17.2 Common Symptoms and Causes

Symptom: Result is NaN
Causes:
├─ 0/0, ∞-∞, 0×∞
├─ sqrt of negative number
├─ Uninitialized floating point variable
└─ Error propagated from earlier computation

Symptom: Result is unexpectedly zero
Causes:
├─ Underflow (value too small)
├─ Catastrophic cancellation
└─ Denormal flushing

Symptom: Results differ between debug/release
Causes:
├─ Different optimization levels
├─ x87 vs SSE codegen
├─ Fast-math flags enabled in release
└─ Uninitialized memory (different in debug)

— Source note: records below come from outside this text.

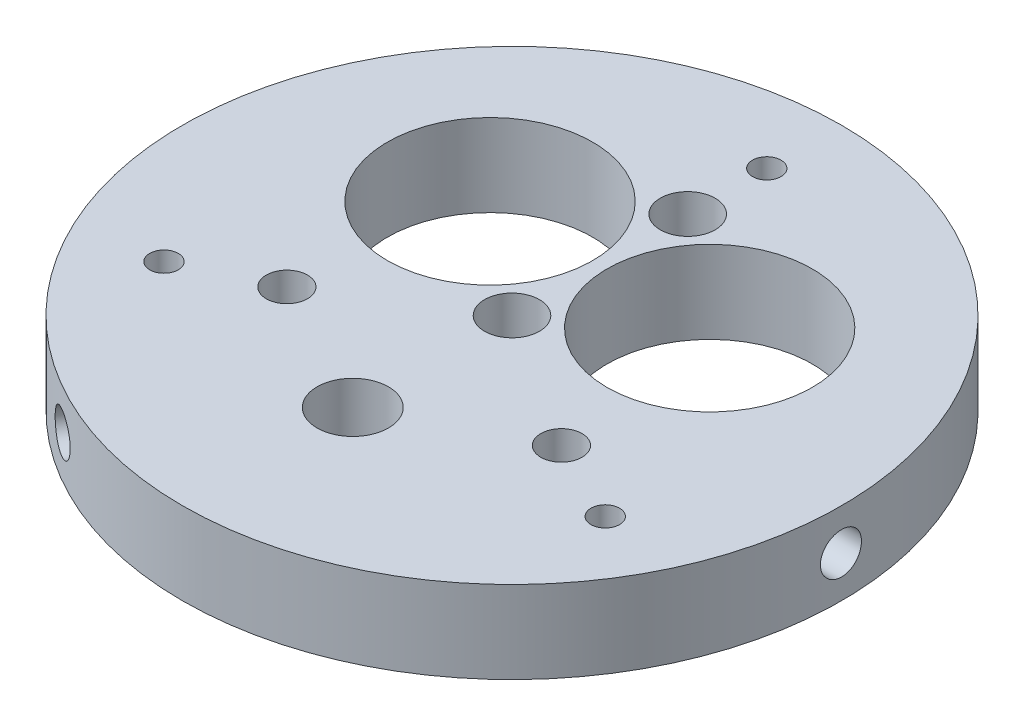
SolidWorks part; units mm, degrees
material "G10 Fiberglass"
ref_plane "Front Plane" through (0, 0, 0) normal (0, 0, 1) x (1, 0, 0)
ref_plane "Top Plane" through (0, 0, 0) normal (0, 1, 0) x (1, 0, 0)
ref_plane "Right Plane" through (0, 0, 0) normal (1, 0, 0) x (0, 0, -1)
sketch "Sketch1" plane through (0, 0, 0) normal (0, 1, 0) x (1, 0, 0)
  circle A0 centre (0, 0) radius 38.1127
  dimension "D1" = 76.2254
extrude "Boss-Extrude1" add sketch "Sketch1" along normal blind 9.525
sketch "Sketch2" plane through (0, 9.525, 0) normal (0, 1, 0) x (1, 0, 0)
  line L0 (12.7, 10.16) -> (-12.7, 10.16) construction
  line L3 (0, 6.35) -> (0, -19.05) construction
  line L4 (-14.6012, 35.2049) -> (-10.7695, 36.5595) construction
  line L5 (-14.6012, 35.2049) -> (-11.9555, 27.7213) construction
  line L6 (-10.7695, 36.5595) -> (-8.1239, 29.0759) construction
  line L7 (-11.9555, 27.7213) -> (-8.1239, 29.0759) construction
  line L8 (37.9022, -4.9723) -> (30.0984, -3.5218) construction
  line L9 (37.9022, -4.9723) -> (37.1595, -8.9679) construction
  line L10 (37.1595, -8.9679) -> (29.3557, -7.5173) construction
  line L11 (30.0984, -3.5218) -> (29.3557, -7.5173) construction
  line L12 (-23.144, -30.353) -> (-17.9858, -24.32) construction
  line L13 (-23.144, -30.353) -> (-26.2329, -27.712) construction
  line L14 (-26.2329, -27.712) -> (-21.0747, -21.679) construction
  line L15 (-17.9858, -24.32) -> (-21.0747, -21.679) construction
  line L16 (0, 10.16) -> (0, -18.415) construction
  line L17 (-12.7, 10.16) -> (12.7, 10.16) construction
  line L18 (-12.7, 24.13) -> (12.7, 24.13) construction
  line L19 (-12.7, -3.81) -> (12.7, -3.81) construction
  circle A0 centre (0, 0) radius 29.464 construction
  circle A1 centre (0, 29.464) radius 1.651
  circle A2 centre (25.5166, -14.732) radius 1.651
  circle A3 centre (-25.5166, -14.732) radius 1.651
  circle A4 centre (0, -18.415) radius 4.1275
  circle A7 centre (0, 0) radius 38.1127 construction
  circle A8 centre (-12.7, 10.16) radius 11.8745
  circle A9 centre (12.7, 10.16) radius 11.8745
  circle A10 centre (0, 20.32) radius 3.175
  circle A11 centre (0, 0) radius 3.175
  arc A12 (-12.7, 24.13) -> (-12.7, -3.81) centre (-12.7, 10.16) ccw construction
  arc A13 (12.7, -3.81) -> (12.7, 24.13) centre (12.7, 10.16) ccw construction
  point P11 (0, 0)
  point P36 (0.0524, -0.0401)
  point P38 (0, 10.16)
  dimension "D1" = 3.302
  dimension "D2" = 58.928
  dimension "D11" = 8.255
  dimension "D4" = 23.749
  dimension "D5" = 23.749
  dimension "D13" = 6.35
  dimension "D14" = 6.35
  dimension "D7" = 4.064
  dimension "D8" = 7.9375
  dimension "D6" = 10.16
  dimension "D10" = 25.4
  dimension "D12" = 28.575
  dimension "D15" = 27.94
  dimension "D17" = 3.81
  dimension "D16" = 3.81
  dimension "D3" = 3
  dimension "D9" = 3
extrude "Cut-Extrude1" cut sketch "Sketch2" against normal through all contours A1 | A3 | A2 | A4 | A8 | A9 | A10 | A11 region at (0, 9.525, -29.464) region at (25.5166, 9.525, 14.732) region at (-25.5166, 9.525, 14.732) region at (0, 9.525, 18.415) region at (-12.7, 9.525, -10.16) region at (12.7, 9.525, -10.16) region at (0, 9.525, -20.32) region at (0, 9.525, 0)
ref_plane "Plane1" through (-19.0563, 0, -33.0066) normal (-0.5, 0, -0.866) x (0, -1, 0)
sketch "Sketch4" plane through (-19.0563, 0, -33.0066) normal (-0.5, 0, -0.866) x (0, -1, 0)
  circle A0 centre (-4.7625, 0) radius 2.3749
  dimension "D1" = 4.7625
  dimension "D2" = 4.7498
extrude "Cut-Extrude2" cut sketch "Sketch4" against normal blind 6.35
ref_axis "Axis1" through (0, 10.0012, 0) along (0, -1, 0)
pattern_circular "CirPattern1" count 3 over 360 about axis through (0, 10.0012, 0) along (0, -1, 0) of "Cut-Extrude2"
pattern_circular "CirPattern2" [suppressed] count 2 over 360 about axis through (0, 10.0012, 0) along (0, -1, 0) of bodies 104
sketch "Sketch5" plane through (0, 9.525, 0) normal (0, 1, 0) x (1, 0, 0)
  line L0 (-15.875, -10.16) -> (15.875, -10.16) construction
  line L1 (0, 0) -> (0, -10.16) construction
  circle A0 centre (-15.875, -10.16) radius 2.3813
  circle A1 centre (15.875, -10.16) radius 2.3813
  dimension "D1" = 4.7625
  dimension "D2" = 4.7625
  dimension "D3" = 31.75
  dimension "D4" = 10.16
extrude "Cut-Extrude3" cut sketch "Sketch5" against normal through all both
equation "\"D5@Sketch2\"=\"D4@Sketch2\""
equation "\"D4@Sketch2\"=0.925in+0.01"
equation "\"D13@Sketch2\"=\"D14@Sketch2\""
equation "\"D16@Sketch2\"=\"D17@Sketch2\""

Symptom: Results differ between machines
Causes:
├─ Different CPU architectures
├─ Different compiler versions
├─ Different math library implementations
└─ Different SIMD instruction sets

17.3 Floating Point Sanitizers

# GCC/Clang undefined behavior sanitizer catches some FP issues
clang -fsanitize=undefined,float-divide-by-zero program.c

# Enable FP exceptions to catch issues early
#define _GNU_SOURCE
#include <fenv.h>
feenableexcept(FE_INVALID | FE_OVERFLOW | FE_DIVBYZERO);
// Now bad operations cause SIGFPE

# Valgrind can detect some issues
valgrind --tool=memcheck ./program

17.4 Systematic Testing Strategy

1. Boundary values
   ├─ Zero (positive and negative)
   ├─ Smallest positive normal and denormal
   ├─ Largest finite value
   ├─ Infinity and NaN
   └─ Powers of 2 (exactly representable)

2. Special cases
   ├─ Values that can't be represented exactly (0.1, 0.2)
   ├─ Values near overflow threshold
   ├─ Values near underflow threshold
   └─ Values that cause cancellation

3. Randomized testing
   ├─ Property-based testing (Hypothesis, QuickCheck)
   ├─ Comparison with arbitrary precision library
   └─ Cross-platform result comparison

4. Stress testing
   ├─ Many iterations of accumulation
   ├─ Deep recursion with floating point
   └─ Extreme input ranges

18. Summary

Floating point representation is a fundamental compromise between range, precision, and performance:

IEEE 754 format:

  • Sign bit, biased exponent, implicit-leading-1 mantissa
  • Single (32-bit): ~7 decimal digits
  • Double (64-bit): ~16 decimal digits

Special values:

  • Zero (positive and negative)
  • Infinity (positive and negative)
  • NaN (not equal to itself)
  • Denormals (gradual underflow)

Common pitfalls:

  • Never compare floats with ==
  • 0.1 cannot be represented exactly
  • Order of operations affects results
  • Large magnitude differences cause precision loss

Best practices:

  • Use double unless you have good reason not to
  • Never use float/double for money
  • Use epsilon comparisons with relative tolerance
  • Consider Kahan summation for accuracy
  • Test edge cases and special values
  • Understand your compiler’s optimization flags

Understanding floating point is essential for writing correct numerical code. The abstractions are leaky, the edge cases are numerous, and the bugs are subtle. But with knowledge of how floating point works internally, you can anticipate problems and write robust numerical software.